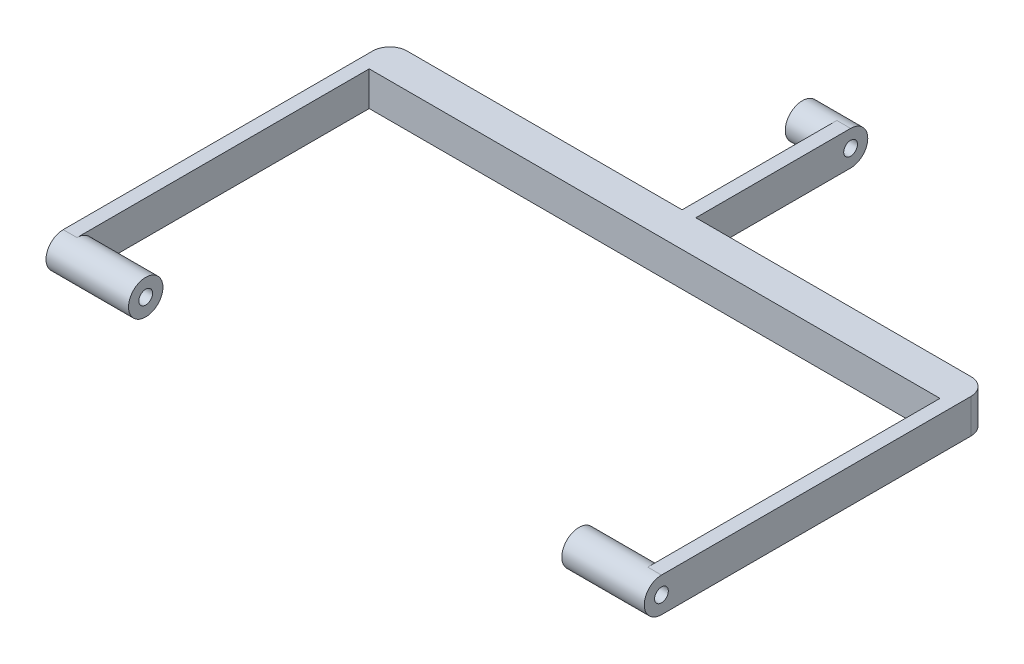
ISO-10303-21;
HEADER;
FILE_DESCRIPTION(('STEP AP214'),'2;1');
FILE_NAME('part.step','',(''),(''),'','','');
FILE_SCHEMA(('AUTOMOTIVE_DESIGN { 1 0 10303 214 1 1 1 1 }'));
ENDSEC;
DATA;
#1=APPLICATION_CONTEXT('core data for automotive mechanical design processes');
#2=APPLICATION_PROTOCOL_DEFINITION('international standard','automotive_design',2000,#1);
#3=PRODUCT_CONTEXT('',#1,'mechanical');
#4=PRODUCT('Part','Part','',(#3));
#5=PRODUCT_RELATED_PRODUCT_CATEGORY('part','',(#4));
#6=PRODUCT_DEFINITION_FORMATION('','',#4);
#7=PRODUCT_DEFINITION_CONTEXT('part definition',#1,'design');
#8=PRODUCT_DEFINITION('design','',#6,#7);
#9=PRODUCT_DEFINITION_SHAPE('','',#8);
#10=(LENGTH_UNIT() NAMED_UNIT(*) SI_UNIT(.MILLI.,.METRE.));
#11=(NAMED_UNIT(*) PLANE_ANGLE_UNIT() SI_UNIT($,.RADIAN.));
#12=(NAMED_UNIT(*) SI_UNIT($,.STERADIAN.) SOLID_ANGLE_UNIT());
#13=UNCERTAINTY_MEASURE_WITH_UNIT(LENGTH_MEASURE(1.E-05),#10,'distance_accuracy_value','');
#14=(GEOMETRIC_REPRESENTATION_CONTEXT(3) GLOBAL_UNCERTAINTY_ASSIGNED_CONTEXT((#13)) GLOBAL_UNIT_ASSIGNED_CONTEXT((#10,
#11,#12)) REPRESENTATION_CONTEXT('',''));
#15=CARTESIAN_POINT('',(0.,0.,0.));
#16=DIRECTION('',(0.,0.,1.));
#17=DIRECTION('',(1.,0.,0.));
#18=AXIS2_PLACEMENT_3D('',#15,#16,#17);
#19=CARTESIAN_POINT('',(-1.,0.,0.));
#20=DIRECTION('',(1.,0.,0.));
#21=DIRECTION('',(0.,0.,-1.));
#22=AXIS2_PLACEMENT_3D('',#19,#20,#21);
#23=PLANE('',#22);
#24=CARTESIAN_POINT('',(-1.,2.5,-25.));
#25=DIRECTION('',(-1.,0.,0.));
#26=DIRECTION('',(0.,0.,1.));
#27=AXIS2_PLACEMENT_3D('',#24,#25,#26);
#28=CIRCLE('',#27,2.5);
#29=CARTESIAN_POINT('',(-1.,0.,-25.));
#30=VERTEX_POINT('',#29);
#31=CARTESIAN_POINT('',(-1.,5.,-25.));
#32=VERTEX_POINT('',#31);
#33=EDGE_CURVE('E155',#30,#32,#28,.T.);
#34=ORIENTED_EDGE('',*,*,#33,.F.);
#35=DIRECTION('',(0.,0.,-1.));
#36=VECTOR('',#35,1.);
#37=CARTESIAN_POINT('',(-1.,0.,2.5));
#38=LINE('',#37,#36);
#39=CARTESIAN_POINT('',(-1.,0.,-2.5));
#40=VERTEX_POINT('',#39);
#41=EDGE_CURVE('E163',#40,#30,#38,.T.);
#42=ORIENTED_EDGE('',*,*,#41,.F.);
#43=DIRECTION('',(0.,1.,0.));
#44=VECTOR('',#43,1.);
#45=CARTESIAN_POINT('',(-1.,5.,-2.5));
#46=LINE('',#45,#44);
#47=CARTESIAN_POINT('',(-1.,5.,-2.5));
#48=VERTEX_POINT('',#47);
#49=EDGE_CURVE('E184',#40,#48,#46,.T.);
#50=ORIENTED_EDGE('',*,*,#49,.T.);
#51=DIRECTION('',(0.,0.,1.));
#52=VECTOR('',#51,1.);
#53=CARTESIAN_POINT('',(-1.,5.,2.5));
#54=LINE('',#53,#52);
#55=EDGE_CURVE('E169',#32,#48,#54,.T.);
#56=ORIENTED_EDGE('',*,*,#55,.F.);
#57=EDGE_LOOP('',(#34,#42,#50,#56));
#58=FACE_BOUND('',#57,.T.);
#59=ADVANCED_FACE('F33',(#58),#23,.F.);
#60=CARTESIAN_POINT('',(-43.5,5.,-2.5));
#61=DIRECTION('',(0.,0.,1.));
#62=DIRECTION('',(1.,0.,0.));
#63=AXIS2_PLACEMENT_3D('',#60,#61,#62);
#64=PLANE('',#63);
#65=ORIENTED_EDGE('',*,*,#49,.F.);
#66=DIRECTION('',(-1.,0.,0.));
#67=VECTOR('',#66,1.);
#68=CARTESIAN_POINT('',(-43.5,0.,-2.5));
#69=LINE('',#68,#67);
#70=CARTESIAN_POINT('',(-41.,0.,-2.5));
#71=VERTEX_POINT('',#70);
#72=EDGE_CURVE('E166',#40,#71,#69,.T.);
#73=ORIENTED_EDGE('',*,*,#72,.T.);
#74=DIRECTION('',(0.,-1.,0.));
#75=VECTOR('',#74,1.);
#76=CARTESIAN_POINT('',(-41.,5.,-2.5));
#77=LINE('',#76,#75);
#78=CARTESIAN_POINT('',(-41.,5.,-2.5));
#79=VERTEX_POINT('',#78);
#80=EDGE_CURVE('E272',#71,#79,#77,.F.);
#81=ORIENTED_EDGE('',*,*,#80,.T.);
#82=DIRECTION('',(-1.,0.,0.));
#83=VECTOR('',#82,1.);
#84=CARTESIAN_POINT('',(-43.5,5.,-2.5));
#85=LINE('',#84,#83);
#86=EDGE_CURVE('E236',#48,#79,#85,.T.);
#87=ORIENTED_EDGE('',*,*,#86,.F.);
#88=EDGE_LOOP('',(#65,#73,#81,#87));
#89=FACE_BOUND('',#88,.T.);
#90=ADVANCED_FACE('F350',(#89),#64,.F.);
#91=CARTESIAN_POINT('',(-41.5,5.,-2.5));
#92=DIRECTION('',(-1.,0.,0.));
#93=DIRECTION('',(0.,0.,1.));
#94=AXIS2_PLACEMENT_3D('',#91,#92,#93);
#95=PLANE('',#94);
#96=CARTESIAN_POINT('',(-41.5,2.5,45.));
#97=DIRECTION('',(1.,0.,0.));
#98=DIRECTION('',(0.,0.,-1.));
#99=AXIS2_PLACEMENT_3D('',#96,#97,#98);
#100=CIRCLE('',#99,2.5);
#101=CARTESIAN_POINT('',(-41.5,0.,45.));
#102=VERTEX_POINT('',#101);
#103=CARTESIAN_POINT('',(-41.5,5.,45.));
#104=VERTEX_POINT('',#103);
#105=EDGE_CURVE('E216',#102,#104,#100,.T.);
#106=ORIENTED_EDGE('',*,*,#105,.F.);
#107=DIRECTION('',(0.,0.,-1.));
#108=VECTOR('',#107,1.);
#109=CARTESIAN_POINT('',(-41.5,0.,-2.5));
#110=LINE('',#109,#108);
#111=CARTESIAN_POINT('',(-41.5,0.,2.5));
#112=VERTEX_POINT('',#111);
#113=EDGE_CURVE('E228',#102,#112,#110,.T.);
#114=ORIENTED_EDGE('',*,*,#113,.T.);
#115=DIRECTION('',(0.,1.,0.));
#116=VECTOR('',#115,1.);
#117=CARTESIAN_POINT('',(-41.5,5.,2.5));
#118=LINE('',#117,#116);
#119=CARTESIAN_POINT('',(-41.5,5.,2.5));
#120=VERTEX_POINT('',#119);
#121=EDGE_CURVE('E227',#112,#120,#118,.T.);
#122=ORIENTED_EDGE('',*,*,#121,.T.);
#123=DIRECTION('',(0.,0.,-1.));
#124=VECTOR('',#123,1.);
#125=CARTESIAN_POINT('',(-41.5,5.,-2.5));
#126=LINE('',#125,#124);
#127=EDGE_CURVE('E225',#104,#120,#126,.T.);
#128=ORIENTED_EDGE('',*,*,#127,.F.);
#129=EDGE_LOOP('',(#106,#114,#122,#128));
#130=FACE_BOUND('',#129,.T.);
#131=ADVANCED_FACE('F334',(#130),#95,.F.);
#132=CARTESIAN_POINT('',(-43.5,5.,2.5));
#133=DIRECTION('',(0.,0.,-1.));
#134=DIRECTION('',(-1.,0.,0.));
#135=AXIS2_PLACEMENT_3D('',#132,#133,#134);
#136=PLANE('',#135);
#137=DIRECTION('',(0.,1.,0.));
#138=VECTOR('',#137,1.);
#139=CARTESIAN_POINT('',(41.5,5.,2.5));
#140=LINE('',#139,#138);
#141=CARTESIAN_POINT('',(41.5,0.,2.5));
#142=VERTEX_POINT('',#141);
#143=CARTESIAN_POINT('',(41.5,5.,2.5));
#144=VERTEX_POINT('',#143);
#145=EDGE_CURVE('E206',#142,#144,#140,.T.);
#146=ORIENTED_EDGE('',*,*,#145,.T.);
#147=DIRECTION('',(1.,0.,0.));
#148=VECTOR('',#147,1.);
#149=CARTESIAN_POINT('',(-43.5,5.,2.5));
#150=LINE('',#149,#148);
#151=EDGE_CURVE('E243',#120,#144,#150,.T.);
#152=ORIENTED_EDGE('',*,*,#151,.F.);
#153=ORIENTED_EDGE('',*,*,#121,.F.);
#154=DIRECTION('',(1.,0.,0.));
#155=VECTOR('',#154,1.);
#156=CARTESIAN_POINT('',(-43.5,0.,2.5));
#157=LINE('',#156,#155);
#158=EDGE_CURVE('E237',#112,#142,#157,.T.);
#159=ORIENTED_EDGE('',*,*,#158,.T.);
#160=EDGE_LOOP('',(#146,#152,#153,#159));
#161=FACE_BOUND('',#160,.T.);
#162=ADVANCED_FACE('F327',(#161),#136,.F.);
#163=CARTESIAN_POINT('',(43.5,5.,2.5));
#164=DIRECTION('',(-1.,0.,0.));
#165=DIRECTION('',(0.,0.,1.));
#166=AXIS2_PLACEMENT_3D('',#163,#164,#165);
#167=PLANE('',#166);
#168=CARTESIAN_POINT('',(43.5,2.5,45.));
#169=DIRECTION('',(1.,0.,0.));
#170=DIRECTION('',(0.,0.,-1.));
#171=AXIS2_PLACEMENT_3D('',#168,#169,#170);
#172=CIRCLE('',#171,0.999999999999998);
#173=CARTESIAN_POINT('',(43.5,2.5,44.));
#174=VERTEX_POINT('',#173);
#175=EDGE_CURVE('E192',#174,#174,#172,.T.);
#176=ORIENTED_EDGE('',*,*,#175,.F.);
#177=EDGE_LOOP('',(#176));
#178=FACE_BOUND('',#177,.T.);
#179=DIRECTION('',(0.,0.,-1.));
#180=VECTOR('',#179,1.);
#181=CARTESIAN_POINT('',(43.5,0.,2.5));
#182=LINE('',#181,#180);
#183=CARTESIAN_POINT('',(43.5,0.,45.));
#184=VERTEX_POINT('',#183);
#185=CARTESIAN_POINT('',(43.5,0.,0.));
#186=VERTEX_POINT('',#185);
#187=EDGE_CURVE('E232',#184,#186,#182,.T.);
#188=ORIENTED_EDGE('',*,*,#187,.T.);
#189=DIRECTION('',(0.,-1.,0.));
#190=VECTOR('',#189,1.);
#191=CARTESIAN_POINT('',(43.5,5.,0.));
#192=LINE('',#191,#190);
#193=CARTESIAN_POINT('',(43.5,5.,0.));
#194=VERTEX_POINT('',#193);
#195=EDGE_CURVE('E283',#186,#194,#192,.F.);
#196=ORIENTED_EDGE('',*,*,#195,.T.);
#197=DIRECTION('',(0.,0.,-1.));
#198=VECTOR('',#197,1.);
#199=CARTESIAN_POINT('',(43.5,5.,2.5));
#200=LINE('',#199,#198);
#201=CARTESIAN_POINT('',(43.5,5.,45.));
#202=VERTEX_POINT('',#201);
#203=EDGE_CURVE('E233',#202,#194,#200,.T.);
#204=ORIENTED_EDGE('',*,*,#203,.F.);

════

→ **YOUR OBJECTIVE**
Set down only the lines from the line with "#183=CARTESIAN_POINT('',(43.5,0.,45.));" through the last line of the data above, keeping both the first and the last.

→ **SOLUTION TO THE PROBLEM**
#183=CARTESIAN_POINT('',(43.5,0.,45.));
#184=VERTEX_POINT('',#183);
#185=CARTESIAN_POINT('',(43.5,0.,0.));
#186=VERTEX_POINT('',#185);
#187=EDGE_CURVE('E232',#184,#186,#182,.T.);
#188=ORIENTED_EDGE('',*,*,#187,.T.);
#189=DIRECTION('',(0.,-1.,0.));
#190=VECTOR('',#189,1.);
#191=CARTESIAN_POINT('',(43.5,5.,0.));
#192=LINE('',#191,#190);
#193=CARTESIAN_POINT('',(43.5,5.,0.));
#194=VERTEX_POINT('',#193);
#195=EDGE_CURVE('E283',#186,#194,#192,.F.);
#196=ORIENTED_EDGE('',*,*,#195,.T.);
#197=DIRECTION('',(0.,0.,-1.));
#198=VECTOR('',#197,1.);
#199=CARTESIAN_POINT('',(43.5,5.,2.5));
#200=LINE('',#199,#198);
#201=CARTESIAN_POINT('',(43.5,5.,45.));
#202=VERTEX_POINT('',#201);
#203=EDGE_CURVE('E233',#202,#194,#200,.T.);
#204=ORIENTED_EDGE('',*,*,#203,.F.);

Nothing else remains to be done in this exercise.